__What to work on__:
Copy, from the material below, each line that contains the word "units".

(Exercise material begins)

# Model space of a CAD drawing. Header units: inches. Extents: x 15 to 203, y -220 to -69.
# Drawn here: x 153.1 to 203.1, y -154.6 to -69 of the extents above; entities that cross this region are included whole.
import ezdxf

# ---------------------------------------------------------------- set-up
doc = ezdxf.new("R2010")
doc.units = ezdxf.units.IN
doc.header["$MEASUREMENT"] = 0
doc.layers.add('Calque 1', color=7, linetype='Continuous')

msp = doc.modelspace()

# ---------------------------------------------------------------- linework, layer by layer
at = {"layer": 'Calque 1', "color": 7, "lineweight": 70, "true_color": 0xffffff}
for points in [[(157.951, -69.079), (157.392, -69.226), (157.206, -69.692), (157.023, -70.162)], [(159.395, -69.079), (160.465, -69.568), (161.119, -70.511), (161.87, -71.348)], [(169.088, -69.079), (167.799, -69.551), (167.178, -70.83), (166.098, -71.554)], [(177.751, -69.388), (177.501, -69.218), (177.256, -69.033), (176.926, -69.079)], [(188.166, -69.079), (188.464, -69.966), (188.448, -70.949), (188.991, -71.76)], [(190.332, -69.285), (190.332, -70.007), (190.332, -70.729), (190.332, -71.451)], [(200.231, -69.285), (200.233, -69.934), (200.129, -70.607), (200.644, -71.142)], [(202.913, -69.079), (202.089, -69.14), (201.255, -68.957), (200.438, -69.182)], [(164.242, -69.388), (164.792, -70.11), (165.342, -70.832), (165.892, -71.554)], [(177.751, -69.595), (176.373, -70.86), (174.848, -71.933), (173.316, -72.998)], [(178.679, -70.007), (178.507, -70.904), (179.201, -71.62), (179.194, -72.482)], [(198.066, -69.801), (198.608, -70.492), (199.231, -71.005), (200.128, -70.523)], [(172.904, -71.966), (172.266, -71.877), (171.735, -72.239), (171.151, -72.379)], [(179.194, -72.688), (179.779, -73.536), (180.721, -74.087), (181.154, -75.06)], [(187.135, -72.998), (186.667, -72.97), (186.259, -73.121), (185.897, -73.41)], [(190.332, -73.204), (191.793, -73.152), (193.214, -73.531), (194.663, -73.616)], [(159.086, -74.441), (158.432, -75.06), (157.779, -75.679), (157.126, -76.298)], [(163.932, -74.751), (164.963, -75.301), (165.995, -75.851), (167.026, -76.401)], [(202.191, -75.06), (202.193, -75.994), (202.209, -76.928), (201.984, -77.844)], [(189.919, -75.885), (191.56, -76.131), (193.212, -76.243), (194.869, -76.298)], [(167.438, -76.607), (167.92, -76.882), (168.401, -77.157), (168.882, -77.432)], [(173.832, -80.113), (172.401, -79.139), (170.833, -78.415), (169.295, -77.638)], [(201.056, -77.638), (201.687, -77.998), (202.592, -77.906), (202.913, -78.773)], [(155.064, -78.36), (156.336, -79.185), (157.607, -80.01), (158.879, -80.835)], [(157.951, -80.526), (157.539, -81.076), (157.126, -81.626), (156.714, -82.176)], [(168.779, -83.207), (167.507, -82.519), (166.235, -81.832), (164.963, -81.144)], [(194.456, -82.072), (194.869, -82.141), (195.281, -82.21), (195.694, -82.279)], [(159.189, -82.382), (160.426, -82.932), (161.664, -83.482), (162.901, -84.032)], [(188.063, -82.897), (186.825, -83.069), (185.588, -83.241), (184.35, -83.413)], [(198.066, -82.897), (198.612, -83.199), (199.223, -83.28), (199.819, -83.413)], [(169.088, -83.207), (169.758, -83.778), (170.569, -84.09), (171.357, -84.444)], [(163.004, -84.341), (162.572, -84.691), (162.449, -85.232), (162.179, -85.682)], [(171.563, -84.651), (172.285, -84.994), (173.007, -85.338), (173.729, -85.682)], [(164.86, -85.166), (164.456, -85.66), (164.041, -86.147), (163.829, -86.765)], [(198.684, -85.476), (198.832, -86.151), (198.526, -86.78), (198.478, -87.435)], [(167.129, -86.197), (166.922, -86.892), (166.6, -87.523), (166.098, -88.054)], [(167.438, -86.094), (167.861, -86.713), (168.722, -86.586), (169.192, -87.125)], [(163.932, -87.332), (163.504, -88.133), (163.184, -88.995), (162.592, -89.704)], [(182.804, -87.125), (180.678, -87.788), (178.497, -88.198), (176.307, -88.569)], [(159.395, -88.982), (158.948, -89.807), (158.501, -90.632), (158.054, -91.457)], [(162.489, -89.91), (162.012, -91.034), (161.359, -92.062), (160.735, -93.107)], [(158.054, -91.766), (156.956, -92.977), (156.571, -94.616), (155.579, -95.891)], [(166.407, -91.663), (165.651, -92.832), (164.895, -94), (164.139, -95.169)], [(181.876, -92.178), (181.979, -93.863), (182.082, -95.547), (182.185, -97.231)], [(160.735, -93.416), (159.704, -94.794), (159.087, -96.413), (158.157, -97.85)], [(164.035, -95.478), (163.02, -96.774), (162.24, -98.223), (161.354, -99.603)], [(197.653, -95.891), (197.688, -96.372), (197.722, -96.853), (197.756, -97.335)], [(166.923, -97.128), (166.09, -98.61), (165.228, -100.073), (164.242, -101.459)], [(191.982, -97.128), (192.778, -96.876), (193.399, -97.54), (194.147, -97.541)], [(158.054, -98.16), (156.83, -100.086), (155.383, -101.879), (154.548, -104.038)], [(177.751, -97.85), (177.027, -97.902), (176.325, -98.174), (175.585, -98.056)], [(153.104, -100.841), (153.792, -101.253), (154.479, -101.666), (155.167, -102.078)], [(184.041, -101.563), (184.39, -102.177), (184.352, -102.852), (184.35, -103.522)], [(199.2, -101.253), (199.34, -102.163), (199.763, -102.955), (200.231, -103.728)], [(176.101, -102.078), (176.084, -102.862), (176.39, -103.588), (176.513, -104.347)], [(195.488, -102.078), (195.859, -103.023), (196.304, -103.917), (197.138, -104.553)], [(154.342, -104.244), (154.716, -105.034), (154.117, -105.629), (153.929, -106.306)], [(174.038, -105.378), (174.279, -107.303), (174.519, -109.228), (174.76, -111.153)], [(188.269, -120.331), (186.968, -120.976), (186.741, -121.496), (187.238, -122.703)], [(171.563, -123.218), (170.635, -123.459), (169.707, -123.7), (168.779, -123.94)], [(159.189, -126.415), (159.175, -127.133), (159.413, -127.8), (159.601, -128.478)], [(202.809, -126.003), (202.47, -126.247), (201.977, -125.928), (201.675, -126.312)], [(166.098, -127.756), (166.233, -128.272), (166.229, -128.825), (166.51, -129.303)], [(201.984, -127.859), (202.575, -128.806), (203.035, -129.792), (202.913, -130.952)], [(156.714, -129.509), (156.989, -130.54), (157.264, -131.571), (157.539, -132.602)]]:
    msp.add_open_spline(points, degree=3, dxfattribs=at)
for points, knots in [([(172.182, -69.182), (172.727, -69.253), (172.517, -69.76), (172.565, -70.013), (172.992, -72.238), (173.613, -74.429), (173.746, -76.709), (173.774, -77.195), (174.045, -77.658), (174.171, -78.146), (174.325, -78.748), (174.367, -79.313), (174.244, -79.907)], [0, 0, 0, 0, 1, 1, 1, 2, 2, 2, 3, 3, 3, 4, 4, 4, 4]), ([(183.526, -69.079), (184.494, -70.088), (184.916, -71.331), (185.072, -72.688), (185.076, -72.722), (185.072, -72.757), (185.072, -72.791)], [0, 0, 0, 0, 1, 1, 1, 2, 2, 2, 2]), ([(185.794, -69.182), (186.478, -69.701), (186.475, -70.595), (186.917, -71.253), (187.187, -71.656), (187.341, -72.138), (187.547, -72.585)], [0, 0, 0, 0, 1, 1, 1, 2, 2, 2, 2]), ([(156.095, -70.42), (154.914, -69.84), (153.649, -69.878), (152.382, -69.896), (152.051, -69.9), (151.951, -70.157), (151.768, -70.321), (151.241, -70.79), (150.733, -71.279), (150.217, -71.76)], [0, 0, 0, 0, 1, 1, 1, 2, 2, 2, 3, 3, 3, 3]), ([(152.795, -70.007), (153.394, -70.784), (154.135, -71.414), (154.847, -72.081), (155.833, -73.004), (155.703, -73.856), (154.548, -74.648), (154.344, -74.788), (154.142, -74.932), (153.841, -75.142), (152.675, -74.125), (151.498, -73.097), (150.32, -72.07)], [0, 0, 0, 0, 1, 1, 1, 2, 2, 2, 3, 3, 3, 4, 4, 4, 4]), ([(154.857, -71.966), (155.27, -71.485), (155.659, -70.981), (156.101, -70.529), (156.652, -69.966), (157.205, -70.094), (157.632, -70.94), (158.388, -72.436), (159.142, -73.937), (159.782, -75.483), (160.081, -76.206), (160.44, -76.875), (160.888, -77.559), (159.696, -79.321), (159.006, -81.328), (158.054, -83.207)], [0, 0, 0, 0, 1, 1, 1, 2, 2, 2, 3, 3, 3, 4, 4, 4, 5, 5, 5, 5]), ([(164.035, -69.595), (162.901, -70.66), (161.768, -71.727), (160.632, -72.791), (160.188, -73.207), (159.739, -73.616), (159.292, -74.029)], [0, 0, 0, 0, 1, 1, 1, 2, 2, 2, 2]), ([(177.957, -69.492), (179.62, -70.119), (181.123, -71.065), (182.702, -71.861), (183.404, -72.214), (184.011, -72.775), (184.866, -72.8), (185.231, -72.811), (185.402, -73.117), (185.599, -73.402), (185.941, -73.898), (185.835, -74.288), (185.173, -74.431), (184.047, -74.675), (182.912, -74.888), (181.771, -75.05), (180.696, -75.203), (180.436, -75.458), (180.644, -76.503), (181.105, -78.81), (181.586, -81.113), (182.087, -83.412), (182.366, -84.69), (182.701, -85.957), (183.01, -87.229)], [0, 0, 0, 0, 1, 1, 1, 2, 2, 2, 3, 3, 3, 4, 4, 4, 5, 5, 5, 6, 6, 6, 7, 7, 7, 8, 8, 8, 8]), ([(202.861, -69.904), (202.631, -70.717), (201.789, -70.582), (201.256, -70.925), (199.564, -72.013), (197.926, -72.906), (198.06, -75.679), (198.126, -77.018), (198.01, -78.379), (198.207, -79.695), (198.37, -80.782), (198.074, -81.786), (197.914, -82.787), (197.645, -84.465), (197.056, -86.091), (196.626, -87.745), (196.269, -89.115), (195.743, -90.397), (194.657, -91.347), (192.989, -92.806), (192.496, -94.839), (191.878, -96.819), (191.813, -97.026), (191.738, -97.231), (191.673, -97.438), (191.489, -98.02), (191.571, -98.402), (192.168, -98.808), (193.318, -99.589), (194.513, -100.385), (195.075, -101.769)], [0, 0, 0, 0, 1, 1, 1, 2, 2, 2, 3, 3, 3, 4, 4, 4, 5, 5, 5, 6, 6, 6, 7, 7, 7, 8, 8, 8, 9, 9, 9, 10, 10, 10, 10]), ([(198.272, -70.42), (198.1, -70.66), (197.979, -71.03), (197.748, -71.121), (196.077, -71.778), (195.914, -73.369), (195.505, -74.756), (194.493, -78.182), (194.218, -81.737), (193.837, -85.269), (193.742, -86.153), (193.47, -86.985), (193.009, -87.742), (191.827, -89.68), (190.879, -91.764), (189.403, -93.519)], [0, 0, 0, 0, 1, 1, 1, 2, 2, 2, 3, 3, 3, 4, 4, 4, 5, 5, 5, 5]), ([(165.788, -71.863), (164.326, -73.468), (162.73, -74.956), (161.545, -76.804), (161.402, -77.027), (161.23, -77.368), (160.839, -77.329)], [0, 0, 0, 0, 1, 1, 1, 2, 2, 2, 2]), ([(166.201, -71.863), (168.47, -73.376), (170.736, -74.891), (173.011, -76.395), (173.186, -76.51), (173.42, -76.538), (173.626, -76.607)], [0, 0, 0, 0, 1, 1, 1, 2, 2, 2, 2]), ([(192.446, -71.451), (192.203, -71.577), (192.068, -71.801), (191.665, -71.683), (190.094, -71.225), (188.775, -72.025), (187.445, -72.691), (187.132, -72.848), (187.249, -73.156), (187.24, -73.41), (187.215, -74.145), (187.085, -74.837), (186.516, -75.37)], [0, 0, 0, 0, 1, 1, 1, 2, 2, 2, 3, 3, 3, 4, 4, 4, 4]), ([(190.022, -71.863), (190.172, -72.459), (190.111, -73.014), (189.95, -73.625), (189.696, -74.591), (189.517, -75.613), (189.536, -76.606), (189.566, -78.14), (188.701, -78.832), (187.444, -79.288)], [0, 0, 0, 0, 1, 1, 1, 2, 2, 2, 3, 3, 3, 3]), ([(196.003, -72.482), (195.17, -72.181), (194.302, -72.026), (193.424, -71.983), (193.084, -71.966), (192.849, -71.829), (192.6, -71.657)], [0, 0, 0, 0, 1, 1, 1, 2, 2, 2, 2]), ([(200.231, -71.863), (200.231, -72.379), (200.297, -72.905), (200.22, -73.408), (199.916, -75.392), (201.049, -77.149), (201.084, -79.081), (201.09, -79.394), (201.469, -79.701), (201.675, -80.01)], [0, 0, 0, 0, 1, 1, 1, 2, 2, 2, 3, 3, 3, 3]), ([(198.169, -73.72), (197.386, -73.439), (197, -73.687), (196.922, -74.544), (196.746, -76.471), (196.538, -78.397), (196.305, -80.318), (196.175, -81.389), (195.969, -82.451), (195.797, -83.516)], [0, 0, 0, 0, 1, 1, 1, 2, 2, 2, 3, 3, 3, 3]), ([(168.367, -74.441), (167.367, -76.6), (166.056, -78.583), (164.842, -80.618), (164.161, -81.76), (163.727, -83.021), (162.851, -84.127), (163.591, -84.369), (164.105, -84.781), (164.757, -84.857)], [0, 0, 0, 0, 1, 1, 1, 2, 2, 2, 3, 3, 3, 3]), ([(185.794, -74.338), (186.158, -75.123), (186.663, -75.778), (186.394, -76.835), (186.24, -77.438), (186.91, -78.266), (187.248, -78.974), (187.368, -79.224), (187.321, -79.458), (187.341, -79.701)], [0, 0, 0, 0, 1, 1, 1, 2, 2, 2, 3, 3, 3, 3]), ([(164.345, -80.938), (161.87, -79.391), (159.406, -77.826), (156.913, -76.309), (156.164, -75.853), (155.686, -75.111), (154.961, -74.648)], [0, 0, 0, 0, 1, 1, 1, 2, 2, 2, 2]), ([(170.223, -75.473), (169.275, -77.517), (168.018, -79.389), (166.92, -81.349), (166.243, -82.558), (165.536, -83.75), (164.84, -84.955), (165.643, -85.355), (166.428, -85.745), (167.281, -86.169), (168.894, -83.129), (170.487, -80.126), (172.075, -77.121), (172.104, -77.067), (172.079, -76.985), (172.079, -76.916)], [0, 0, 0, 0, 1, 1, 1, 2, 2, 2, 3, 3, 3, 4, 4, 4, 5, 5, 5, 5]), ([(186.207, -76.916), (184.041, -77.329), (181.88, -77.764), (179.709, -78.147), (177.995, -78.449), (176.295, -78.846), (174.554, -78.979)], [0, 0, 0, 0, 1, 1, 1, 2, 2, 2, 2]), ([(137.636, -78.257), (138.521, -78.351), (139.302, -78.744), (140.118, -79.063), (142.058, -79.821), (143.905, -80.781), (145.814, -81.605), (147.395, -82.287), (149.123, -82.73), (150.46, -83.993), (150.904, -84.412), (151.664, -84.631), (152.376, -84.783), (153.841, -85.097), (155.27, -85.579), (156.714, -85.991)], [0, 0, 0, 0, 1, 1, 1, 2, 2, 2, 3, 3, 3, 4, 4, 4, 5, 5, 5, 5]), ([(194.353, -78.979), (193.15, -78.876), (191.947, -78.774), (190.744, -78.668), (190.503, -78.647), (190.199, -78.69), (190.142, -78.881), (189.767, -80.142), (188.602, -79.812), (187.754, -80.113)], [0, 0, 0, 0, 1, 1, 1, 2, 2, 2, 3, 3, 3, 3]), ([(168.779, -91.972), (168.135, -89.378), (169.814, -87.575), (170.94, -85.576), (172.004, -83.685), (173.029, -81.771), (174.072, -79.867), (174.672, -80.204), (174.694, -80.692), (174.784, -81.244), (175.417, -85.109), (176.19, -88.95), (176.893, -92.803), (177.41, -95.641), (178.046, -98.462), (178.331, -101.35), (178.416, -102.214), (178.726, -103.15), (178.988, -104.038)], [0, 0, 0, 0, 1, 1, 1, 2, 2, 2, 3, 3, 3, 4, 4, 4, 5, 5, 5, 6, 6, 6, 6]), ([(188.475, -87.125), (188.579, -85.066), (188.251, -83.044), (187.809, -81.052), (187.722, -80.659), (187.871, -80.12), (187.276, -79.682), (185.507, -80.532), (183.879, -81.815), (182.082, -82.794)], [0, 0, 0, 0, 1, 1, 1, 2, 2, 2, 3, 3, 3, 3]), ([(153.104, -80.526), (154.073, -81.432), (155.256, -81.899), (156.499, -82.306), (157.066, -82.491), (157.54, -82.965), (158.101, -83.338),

(Exercise material ends)

__Output below__:
# Model space of a CAD drawing. Header units: inches. Extents: x 15 to 203, y -220 to -69.
doc.units = ezdxf.units.IN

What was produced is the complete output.